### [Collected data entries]
※
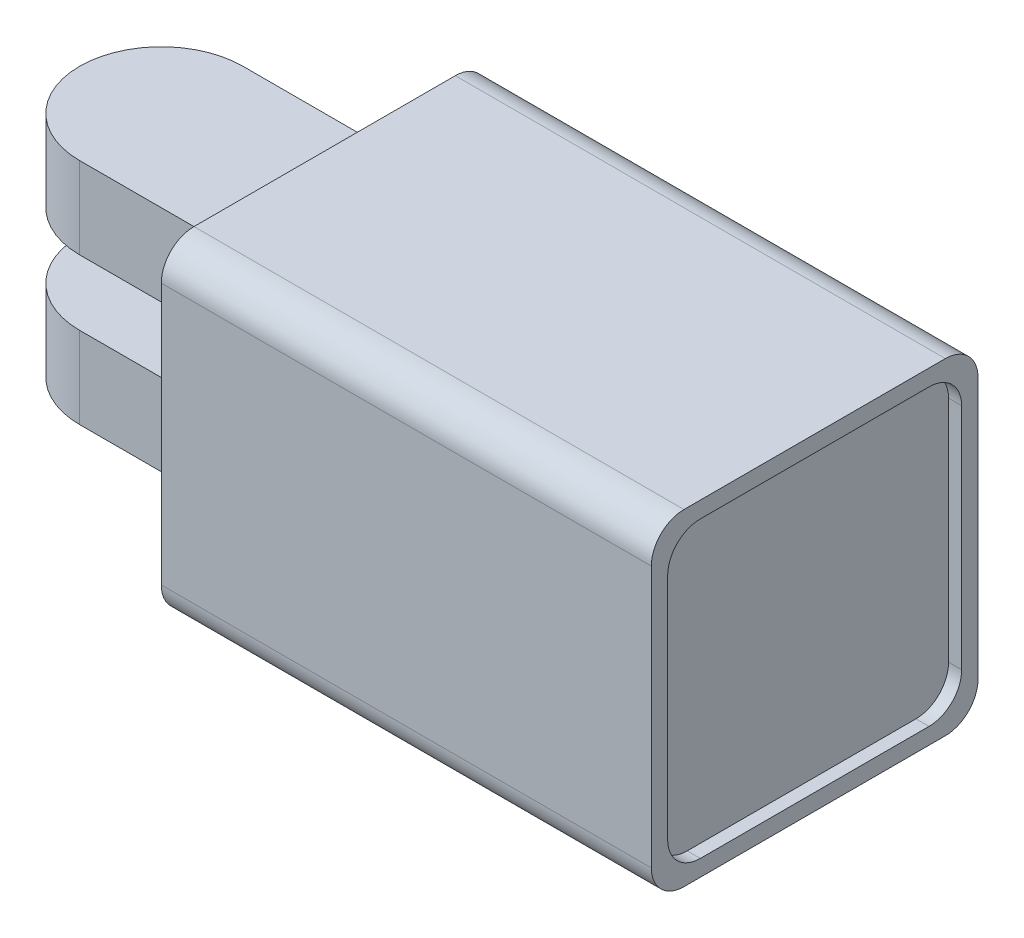
ISO-10303-21;
HEADER;
FILE_DESCRIPTION(('STEP AP214'),'2;1');
FILE_NAME('part.step','',(''),(''),'','','');
FILE_SCHEMA(('AUTOMOTIVE_DESIGN { 1 0 10303 214 1 1 1 1 }'));
ENDSEC;
DATA;
#1=APPLICATION_CONTEXT('core data for automotive mechanical design processes');
#2=APPLICATION_PROTOCOL_DEFINITION('international standard','automotive_design',2000,#1);
#3=PRODUCT_CONTEXT('',#1,'mechanical');
#4=PRODUCT('Part','Part','',(#3));
#5=PRODUCT_RELATED_PRODUCT_CATEGORY('part','',(#4));
#6=PRODUCT_DEFINITION_FORMATION('','',#4);
#7=PRODUCT_DEFINITION_CONTEXT('part definition',#1,'design');
#8=PRODUCT_DEFINITION('design','',#6,#7);
#9=PRODUCT_DEFINITION_SHAPE('','',#8);
#10=(LENGTH_UNIT() NAMED_UNIT(*) SI_UNIT(.MILLI.,.METRE.));
#11=(NAMED_UNIT(*) PLANE_ANGLE_UNIT() SI_UNIT($,.RADIAN.));
#12=(NAMED_UNIT(*) SI_UNIT($,.STERADIAN.) SOLID_ANGLE_UNIT());
#13=UNCERTAINTY_MEASURE_WITH_UNIT(LENGTH_MEASURE(1.E-05),#10,'distance_accuracy_value','');
#14=(GEOMETRIC_REPRESENTATION_CONTEXT(3) GLOBAL_UNCERTAINTY_ASSIGNED_CONTEXT((#13)) GLOBAL_UNIT_ASSIGNED_CONTEXT((#10,
#11,#12)) REPRESENTATION_CONTEXT('',''));
#15=CARTESIAN_POINT('',(0.,0.,0.));
#16=DIRECTION('',(0.,0.,1.));
#17=DIRECTION('',(1.,0.,0.));
#18=AXIS2_PLACEMENT_3D('',#15,#16,#17);
#19=CARTESIAN_POINT('',(0.,14.,0.));
#20=DIRECTION('',(0.,-1.,0.));
#21=DIRECTION('',(0.,0.,-1.));
#22=AXIS2_PLACEMENT_3D('',#19,#20,#21);
#23=CYLINDRICAL_SURFACE('',#22,5.);
#24=DIRECTION('',(0.,-1.,0.));
#25=VECTOR('',#24,1.);
#26=CARTESIAN_POINT('',(0.,14.,5.));
#27=LINE('',#26,#25);
#28=CARTESIAN_POINT('',(0.,5.,5.));
#29=VERTEX_POINT('',#28);
#30=CARTESIAN_POINT('',(0.,0.,5.));
#31=VERTEX_POINT('',#30);
#32=EDGE_CURVE('E473',#29,#31,#27,.T.);
#33=ORIENTED_EDGE('',*,*,#32,.F.);
#34=CARTESIAN_POINT('',(0.,5.,0.));
#35=DIRECTION('',(0.,-1.,0.));
#36=DIRECTION('',(0.,0.,-1.));
#37=AXIS2_PLACEMENT_3D('',#34,#35,#36);
#38=CIRCLE('',#37,5.);
#39=CARTESIAN_POINT('',(0.,5.,-5.));
#40=VERTEX_POINT('',#39);
#41=EDGE_CURVE('E296',#29,#40,#38,.T.);
#42=ORIENTED_EDGE('',*,*,#41,.T.);
#43=DIRECTION('',(0.,-1.,0.));
#44=VECTOR('',#43,1.);
#45=CARTESIAN_POINT('',(0.,14.,-5.));
#46=LINE('',#45,#44);
#47=CARTESIAN_POINT('',(0.,0.,-5.));
#48=VERTEX_POINT('',#47);
#49=EDGE_CURVE('E448',#40,#48,#46,.T.);
#50=ORIENTED_EDGE('',*,*,#49,.T.);
#51=CARTESIAN_POINT('',(0.,0.,0.));
#52=DIRECTION('',(0.,1.,0.));
#53=DIRECTION('',(0.,0.,1.));
#54=AXIS2_PLACEMENT_3D('',#51,#52,#53);
#55=CIRCLE('',#54,5.);
#56=EDGE_CURVE('E419',#48,#31,#55,.T.);
#57=ORIENTED_EDGE('',*,*,#56,.T.);
#58=EDGE_LOOP('',(#33,#42,#50,#57));
#59=FACE_BOUND('',#58,.T.);
#60=ADVANCED_FACE('F46',(#59),#23,.T.);
#61=CARTESIAN_POINT('',(37.,16.,-9.));
#62=DIRECTION('',(0.,0.,-1.));
#63=DIRECTION('',(0.,1.,0.));
#64=AXIS2_PLACEMENT_3D('',#61,#62,#63);
#65=PLANE('',#64);
#66=DIRECTION('',(0.,1.,0.));
#67=VECTOR('',#66,1.);
#68=CARTESIAN_POINT('',(39.2,14.,-9.));
#69=LINE('',#68,#67);
#70=CARTESIAN_POINT('',(39.2,0.,-9.));
#71=VERTEX_POINT('',#70);
#72=CARTESIAN_POINT('',(39.2,14.,-9.));
#73=VERTEX_POINT('',#72);
#74=EDGE_CURVE('E321',#71,#73,#69,.T.);
#75=ORIENTED_EDGE('',*,*,#74,.F.);
#76=DIRECTION('',(1.,0.,0.));
#77=VECTOR('',#76,1.);
#78=CARTESIAN_POINT('',(40.,0.,-9.));
#79=LINE('',#78,#77);
#80=CARTESIAN_POINT('',(40.,0.,-9.));
#81=VERTEX_POINT('',#80);
#82=EDGE_CURVE('E539',#71,#81,#79,.T.);
#83=ORIENTED_EDGE('',*,*,#82,.T.);
#84=DIRECTION('',(0.,1.,0.));
#85=VECTOR('',#84,1.);
#86=CARTESIAN_POINT('',(40.,16.,-9.));
#87=LINE('',#86,#85);
#88=CARTESIAN_POINT('',(40.,14.,-9.));
#89=VERTEX_POINT('',#88);
#90=EDGE_CURVE('E366',#81,#89,#87,.T.);
#91=ORIENTED_EDGE('',*,*,#90,.T.);
#92=DIRECTION('',(1.,0.,0.));
#93=VECTOR('',#92,1.);
#94=CARTESIAN_POINT('',(37.,14.,-9.));
#95=LINE('',#94,#93);
#96=EDGE_CURVE('E545',#89,#73,#95,.F.);
#97=ORIENTED_EDGE('',*,*,#96,.T.);
#98=EDGE_LOOP('',(#75,#83,#91,#97));
#99=FACE_BOUND('',#98,.T.);
#100=ADVANCED_FACE('F608',(#99),#65,.F.);
#101=CARTESIAN_POINT('',(37.,-2.00000000000001,9.));
#102=DIRECTION('',(0.,-1.,0.));
#103=DIRECTION('',(0.,0.,-1.));
#104=AXIS2_PLACEMENT_3D('',#101,#102,#103);
#105=PLANE('',#104);
#106=DIRECTION('',(0.,0.,-1.));
#107=VECTOR('',#106,1.);
#108=CARTESIAN_POINT('',(39.2,-2.00000000000001,7.));
#109=LINE('',#108,#107);
#110=CARTESIAN_POINT('',(39.2,-2.00000000000001,7.));
#111=VERTEX_POINT('',#110);
#112=CARTESIAN_POINT('',(39.2,-2.00000000000001,-7.));
#113=VERTEX_POINT('',#112);
#114=EDGE_CURVE('E313',#111,#113,#109,.T.);
#115=ORIENTED_EDGE('',*,*,#114,.F.);
#116=DIRECTION('',(1.,0.,0.));
#117=VECTOR('',#116,1.);
#118=CARTESIAN_POINT('',(40.,-2.00000000000001,7.));
#119=LINE('',#118,#117);
#120=CARTESIAN_POINT('',(40.,-2.00000000000001,7.));
#121=VERTEX_POINT('',#120);
#122=EDGE_CURVE('E561',#111,#121,#119,.T.);
#123=ORIENTED_EDGE('',*,*,#122,.T.);
#124=DIRECTION('',(0.,0.,-1.));
#125=VECTOR('',#124,1.);
#126=CARTESIAN_POINT('',(40.,-2.00000000000001,9.));
#127=LINE('',#126,#125);
#128=CARTESIAN_POINT('',(40.,-2.00000000000001,-7.));
#129=VERTEX_POINT('',#128);
#130=EDGE_CURVE('E375',#121,#129,#127,.T.);
#131=ORIENTED_EDGE('',*,*,#130,.T.);
#132=DIRECTION('',(1.,0.,0.));
#133=VECTOR('',#132,1.);
#134=CARTESIAN_POINT('',(37.,-2.00000000000001,-7.));
#135=LINE('',#134,#133);
#136=EDGE_CURVE('E567',#129,#113,#135,.F.);
#137=ORIENTED_EDGE('',*,*,#136,.T.);
#138=EDGE_LOOP('',(#115,#123,#131,#137));
#139=FACE_BOUND('',#138,.T.);
#140=ADVANCED_FACE('F616',(#139),#105,.F.);
#141=CARTESIAN_POINT('',(37.,16.,9.));
#142=DIRECTION('',(0.,0.,1.));
#143=DIRECTION('',(1.,0.,0.));
#144=AXIS2_PLACEMENT_3D('',#141,#142,#143);
#145=PLANE('',#144);
#146=DIRECTION('',(0.,-1.,0.));
#147=VECTOR('',#146,1.);
#148=CARTESIAN_POINT('',(39.2,14.,9.));
#149=LINE('',#148,#147);
#150=CARTESIAN_POINT('',(39.2,14.,9.));
#151=VERTEX_POINT('',#150);
#152=CARTESIAN_POINT('',(39.2,0.,9.));
#153=VERTEX_POINT('',#152);
#154=EDGE_CURVE('E304',#151,#153,#149,.T.);
#155=ORIENTED_EDGE('',*,*,#154,.F.);
#156=DIRECTION('',(1.,0.,0.));
#157=VECTOR('',#156,1.);
#158=CARTESIAN_POINT('',(40.,14.,9.));
#159=LINE('',#158,#157);
#160=CARTESIAN_POINT('',(40.,14.,9.));
#161=VERTEX_POINT('',#160);
#162=EDGE_CURVE('E571',#151,#161,#159,.T.);
#163=ORIENTED_EDGE('',*,*,#162,.T.);
#164=DIRECTION('',(0.,-1.,0.));
#165=VECTOR('',#164,1.);
#166=CARTESIAN_POINT('',(40.,16.,9.));
#167=LINE('',#166,#165);
#168=CARTESIAN_POINT('',(40.,0.,9.));
#169=VERTEX_POINT('',#168);
#170=EDGE_CURVE('E395',#161,#169,#167,.T.);
#171=ORIENTED_EDGE('',*,*,#170,.T.);
#172=DIRECTION('',(1.,0.,0.));
#173=VECTOR('',#172,1.);
#174=CARTESIAN_POINT('',(37.,0.,9.));
#175=LINE('',#174,#173);
#176=EDGE_CURVE('E577',#169,#153,#175,.F.);
#177=ORIENTED_EDGE('',*,*,#176,.T.);
#178=EDGE_LOOP('',(#155,#163,#171,#177));
#179=FACE_BOUND('',#178,.T.);
#180=ADVANCED_FACE('F722',(#179),#145,.F.);
#181=CARTESIAN_POINT('',(37.,16.,9.));
#182=DIRECTION('',(0.,1.,0.));
#183=DIRECTION('',(0.,0.,1.));
#184=AXIS2_PLACEMENT_3D('',#181,#182,#183);
#185=PLANE('',#184);
#186=DIRECTION('',(0.,0.,1.));
#187=VECTOR('',#186,1.);
#188=CARTESIAN_POINT('',(39.2,16.,7.));
#189=LINE('',#188,#187);
#190=CARTESIAN_POINT('',(39.2,16.,-7.));
#191=VERTEX_POINT('',#190);
#192=CARTESIAN_POINT('',(39.2,16.,7.));
#193=VERTEX_POINT('',#192);
#194=EDGE_CURVE('E70',#191,#193,#189,.T.);
#195=ORIENTED_EDGE('',*,*,#194,.F.);
#196=DIRECTION('',(1.,0.,0.));
#197=VECTOR('',#196,1.);
#198=CARTESIAN_POINT('',(40.,16.,-7.));
#199=LINE('',#198,#197);
#200=CARTESIAN_POINT('',(40.,16.,-7.));
#201=VERTEX_POINT('',#200);
#202=EDGE_CURVE('E534',#191,#201,#199,.T.);
#203=ORIENTED_EDGE('',*,*,#202,.T.);
#204=DIRECTION('',(0.,0.,1.));
#205=VECTOR('',#204,1.);
#206=CARTESIAN_POINT('',(40.,16.,9.));
#207=LINE('',#206,#205);
#208=CARTESIAN_POINT('',(40.,16.,7.));
#209=VERTEX_POINT('',#208);
#210=EDGE_CURVE('E391',#201,#209,#207,.T.);
#211=ORIENTED_EDGE('',*,*,#210,.T.);
#212=DIRECTION('',(1.,0.,0.));
#213=VECTOR('',#212,1.);
#214=CARTESIAN_POINT('',(37.,16.,7.));
#215=LINE('',#214,#213);
#216=EDGE_CURVE('E531',#209,#193,#215,.F.);
#217=ORIENTED_EDGE('',*,*,#216,.T.);
#218=EDGE_LOOP('',(#195,#203,#211,#217));
#219=FACE_BOUND('',#218,.T.);
#220=ADVANCED_FACE('F598',(#219),#185,.F.);
#221=CARTESIAN_POINT('',(37.,14.,-7.));
#222=DIRECTION('',(-1.,0.,0.));
#223=DIRECTION('',(0.,0.,1.));
#224=AXIS2_PLACEMENT_3D('',#221,#222,#223);
#225=CYLINDRICAL_SURFACE('',#224,2.);
#226=CARTESIAN_POINT('',(39.2,14.,-7.));
#227=DIRECTION('',(1.,0.,0.));
#228=DIRECTION('',(0.,0.,1.));
#229=AXIS2_PLACEMENT_3D('',#226,#227,#228);
#230=CIRCLE('',#229,2.);
#231=EDGE_CURVE('E325',#73,#191,#230,.T.);
#232=ORIENTED_EDGE('',*,*,#231,.F.);
#233=ORIENTED_EDGE('',*,*,#96,.F.);
#234=CARTESIAN_POINT('',(40.,14.,-7.));
#235=DIRECTION('',(-1.,0.,0.));
#236=DIRECTION('',(0.,0.,1.));
#237=AXIS2_PLACEMENT_3D('',#234,#235,#236);
#238=CIRCLE('',#237,2.);
#239=EDGE_CURVE('E581',#201,#89,#238,.T.);
#240=ORIENTED_EDGE('',*,*,#239,.F.);
#241=ORIENTED_EDGE('',*,*,#202,.F.);
#242=EDGE_LOOP('',(#232,#233,#240,#241));
#243=FACE_BOUND('',#242,.T.);
#244=ADVANCED_FACE('F606',(#243),#225,.F.);
#245=CARTESIAN_POINT('',(37.,0.,-7.));
#246=DIRECTION('',(-1.,0.,0.));
#247=DIRECTION('',(0.,0.,1.));
#248=AXIS2_PLACEMENT_3D('',#245,#246,#247);
#249=CYLINDRICAL_SURFACE('',#248,2.);
#250=CARTESIAN_POINT('',(39.2,0.,-7.));
#251=DIRECTION('',(1.,0.,0.));
#252=DIRECTION('',(0.,0.,1.));
#253=AXIS2_PLACEMENT_3D('',#250,#251,#252);
#254=CIRCLE('',#253,2.);
#255=EDGE_CURVE('E317',#113,#71,#254,.T.);
#256=ORIENTED_EDGE('',*,*,#255,.F.);
#257=ORIENTED_EDGE('',*,*,#136,.F.);
#258=CARTESIAN_POINT('',(40.,0.,-7.));
#259=DIRECTION('',(-1.,0.,0.));
#260=DIRECTION('',(0.,0.,1.));
#261=AXIS2_PLACEMENT_3D('',#258,#259,#260);
#262=CIRCLE('',#261,2.);
#263=EDGE_CURVE('E584',#81,#129,#262,.T.);
#264=ORIENTED_EDGE('',*,*,#263,.F.);
#265=ORIENTED_EDGE('',*,*,#82,.F.);
#266=EDGE_LOOP('',(#256,#257,#264,#265));
#267=FACE_BOUND('',#266,.T.);
#268=ADVANCED_FACE('F619',(#267),#249,.F.);
#269=CARTESIAN_POINT('',(37.,0.,7.));
#270=DIRECTION('',(-1.,0.,0.));
#271=DIRECTION('',(0.,0.,1.));
#272=AXIS2_PLACEMENT_3D('',#269,#270,#271);
#273=CYLINDRICAL_SURFACE('',#272,2.);
#274=CARTESIAN_POINT('',(39.2,0.,7.));
#275=DIRECTION('',(1.,0.,0.));
#276=DIRECTION('',(0.,0.,1.));
#277=AXIS2_PLACEMENT_3D('',#274,#275,#276);
#278=CIRCLE('',#277,2.);
#279=EDGE_CURVE('E309',#153,#111,#278,.T.);
#280=ORIENTED_EDGE('',*,*,#279,.F.);
#281=ORIENTED_EDGE('',*,*,#176,.F.);
#282=CARTESIAN_POINT('',(40.,0.,7.));
#283=DIRECTION('',(-1.,0.,0.));
#284=DIRECTION('',(0.,0.,1.));
#285=AXIS2_PLACEMENT_3D('',#282,#283,#284);
#286=CIRCLE('',#285,2.);
#287=EDGE_CURVE('E587',#121,#169,#286,.T.);
#288=ORIENTED_EDGE('',*,*,#287,.F.);
#289=ORIENTED_EDGE('',*,*,#122,.F.);
#290=EDGE_LOOP('',(#280,#281,#288,#289));
#291=FACE_BOUND('',#290,.T.);
#292=ADVANCED_FACE('F621',(#291),#273,.F.);
#293=CARTESIAN_POINT('',(37.,14.,7.));
#294=DIRECTION('',(-1.,0.,0.));
#295=DIRECTION('',(0.,0.,1.));
#296=AXIS2_PLACEMENT_3D('',#293,#294,#295);
#297=CYLINDRICAL_SURFACE('',#296,2.);
#298=CARTESIAN_POINT('',(39.2,14.,7.));
#299=DIRECTION('',(1.,0.,0.));
#300=DIRECTION('',(0.,0.,1.));
#301=AXIS2_PLACEMENT_3D('',#298,#299,#300);
#302=CIRCLE('',#301,2.);
#303=EDGE_CURVE('E300',#193,#151,#302,.T.);
#304=ORIENTED_EDGE('',*,*,#303,.F.);
#305=ORIENTED_EDGE('',*,*,#216,.F.);
#306=CARTESIAN_POINT('',(40.,14.,7.));
#307=DIRECTION('',(-1.,0.,0.));
#308=DIRECTION('',(0.,0.,1.));
#309=AXIS2_PLACEMENT_3D('',#306,#307,#308);
#310=CIRCLE('',#309,2.);
#311=EDGE_CURVE('E56',#161,#209,#310,.T.);
#312=ORIENTED_EDGE('',*,*,#311,.F.);
#313=ORIENTED_EDGE('',*,*,#162,.F.);
#314=EDGE_LOOP('',(#304,#305,#312,#313));
#315=FACE_BOUND('',#314,.T.);
#316=ADVANCED_FACE('F600',(#315),#297,.F.);
#317=CARTESIAN_POINT('',(0.,14.,-5.));
#318=VERTEX_POINT('',#317);
#319=CARTESIAN_POINT('',(0.,9.,-5.));
#320=VERTEX_POINT('',#319);
#321=EDGE_CURVE('E463',#318,#320,#46,.T.);
#322=ORIENTED_EDGE('',*,*,#321,.T.);
#323=CARTESIAN_POINT('',(0.,9.,0.));
#324=DIRECTION('',(0.,1.,0.));
#325=DIRECTION('',(0.,0.,1.));
#326=AXIS2_PLACEMENT_3D('',#323,#324,#325);
#327=CIRCLE('',#326,5.);
#328=CARTESIAN_POINT('',(0.,9.,5.));
#329=VERTEX_POINT('',#328);
#330=EDGE_CURVE('E63',#320,#329,#327,.T.);
#331=ORIENTED_EDGE('',*,*,#330,.T.);
#332=CARTESIAN_POINT('',(0.,14.,5.));
#333=VERTEX_POINT('',#332);
#334=EDGE_CURVE('E474',#333,#329,#27,.T.);
#335=ORIENTED_EDGE('',*,*,#334,.F.);
#336=CARTESIAN_POINT('',(0.,14.,0.));
#337=DIRECTION('',(0.,1.,0.));
#338=DIRECTION('',(0.,0.,1.));
#339=AXIS2_PLACEMENT_3D('',#336,#337,#338);
#340=CIRCLE('',#339,5.);
#341=EDGE_CURVE('E434',#318,#333,#340,.T.);
#342=ORIENTED_EDGE('',*,*,#341,.F.);
#343=EDGE_LOOP('',(#322,#331,#335,#342));
#344=FACE_BOUND('',#343,.T.);
#345=ADVANCED_FACE('F652',(#344),#23,.T.);
#346=CARTESIAN_POINT('',(10.,14.,5.));
#347=DIRECTION('',(0.,0.,-1.));
#348=DIRECTION('',(-1.,0.,0.));
#349=AXIS2_PLACEMENT_3D('',#346,#347,#348);
#350=PLANE('',#349);
#351=DIRECTION('',(0.,-1.,0.));
#352=VECTOR('',#351,1.);
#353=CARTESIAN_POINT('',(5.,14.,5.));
※
### [Task directions]
The answer is the lines above, word for word, from the first one through the one containing "#11=(NAMED_UNIT(*) PLANE_ANGLE_UNIT() SI_UNIT($,.RADIAN.));"; it includes no pictures.

### [Written response]
ISO-10303-21;
HEADER;
FILE_DESCRIPTION(('STEP AP214'),'2;1');
FILE_NAME('part.step','',(''),(''),'','','');
FILE_SCHEMA(('AUTOMOTIVE_DESIGN { 1 0 10303 214 1 1 1 1 }'));
ENDSEC;
DATA;
#1=APPLICATION_CONTEXT('core data for automotive mechanical design processes');
#2=APPLICATION_PROTOCOL_DEFINITION('international standard','automotive_design',2000,#1);
#3=PRODUCT_CONTEXT('',#1,'mechanical');
#4=PRODUCT('Part','Part','',(#3));
#5=PRODUCT_RELATED_PRODUCT_CATEGORY('part','',(#4));
#6=PRODUCT_DEFINITION_FORMATION('','',#4);
#7=PRODUCT_DEFINITION_CONTEXT('part definition',#1,'design');
#8=PRODUCT_DEFINITION('design','',#6,#7);
#9=PRODUCT_DEFINITION_SHAPE('','',#8);
#10=(LENGTH_UNIT() NAMED_UNIT(*) SI_UNIT(.MILLI.,.METRE.));
#11=(NAMED_UNIT(*) PLANE_ANGLE_UNIT() SI_UNIT($,.RADIAN.));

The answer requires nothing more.